● Activity
Look through the entries. Copy each line that has the word "Inventor".
☆ ☆ ☆
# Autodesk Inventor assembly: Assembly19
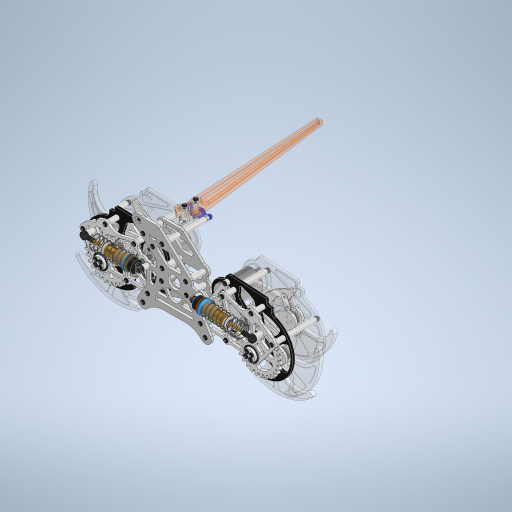
[picture p0: Inventor's stored thumbnail of the model, 512x512]
Saved by Autodesk Inventor 2023 (Build 270158000, 158)
## iProperties
Created: 2022-06-23
Part Number: Assembly19
Document SubType Name: Assembly
Designer: muzho
Mass: 885.534 g
Surface Area: 2969.65 cm^2
Volume: 326.998 cm^3
Density: 2.70807 g/cm^3
Author: muzho
## Documents named in this file (7)
- C:\Users\muzho\Documents\srdc\srdc_2\脚\足全体_反対.iam
- C:\Users\muzho\Documents\srdc\srdc_2\脚\足ユニット.iam
- C:\Users\muzho\Documents\srdc\srdc_2\脚\MIR\足ユニット_MIR.iam
- C:\Users\muzho\Documents\srdc\srdc_2\脚\MIR\中間ユニット_MIR.iam
- C:\Users\muzho\Documents\srdc\srdc_2\スペーサ\l10.ipt
- C:\Users\muzho\Documents\srdc\srdc_2\タミヤダンパー1.iam
- C:\Users\muzho\Documents\srdc\srdc_2\スペーサ\l7.ipt
## Components (9 placed, 6 different names)
1. 足ユニット:1 [sub-assembly] — メイト:2, 挿入:1
2. 足ユニット_MIR:1 [sub-assembly] — メイト:1, 挿入:2
3. 中間ユニット_MIR:1 [sub-assembly] — メイト:1, メイト:2, 挿入:3, 挿入:4
4. l10:1 — 挿入:1, 挿入:6
5. l10:2 — 挿入:2, 挿入:8
6. タミヤダンパー1:1 [sub-assembly] — 挿入:5, 挿入:6
7. タミヤダンパー1:2 [sub-assembly] — 挿入:7, 挿入:8
8. l7:1 — 挿入:3, 挿入:5
9. l7:2 — 挿入:4, 挿入:7
## Relationships (10: Insert 8, Mate 2)
- メイト:1 [Mate]: 足ユニット_MIR:1 ↔ 中間ユニット_MIR:1
- メイト:2 [Mate]: 足ユニット:1 ↔ 中間ユニット_MIR:1
- 挿入:1 [Insert]: 足ユニット:1 ↔ l10:1
- 挿入:2 [Insert]: 足ユニット_MIR:1 ↔ l10:2
- 挿入:3 [Insert]: 中間ユニット_MIR:1 ↔ l7:1
- 挿入:4 [Insert]: 中間ユニット_MIR:1 ↔ l7:2
- 挿入:5 [Insert]: タミヤダンパー1:1 ↔ l7:1
- 挿入:6 [Insert]: l10:1 ↔ タミヤダンパー1:1
- 挿入:7 [Insert]: タミヤダンパー1:2 ↔ l7:2
- 挿入:8 [Insert]: l10:2 ↔ タミヤダンパー1:2
☆ ☆ ☆
● Solution to this task
# Autodesk Inventor assembly: Assembly19
[picture p0: Inventor's stored thumbnail of the model, 512x512]
Saved by Autodesk Inventor 2023 (Build 270158000, 158)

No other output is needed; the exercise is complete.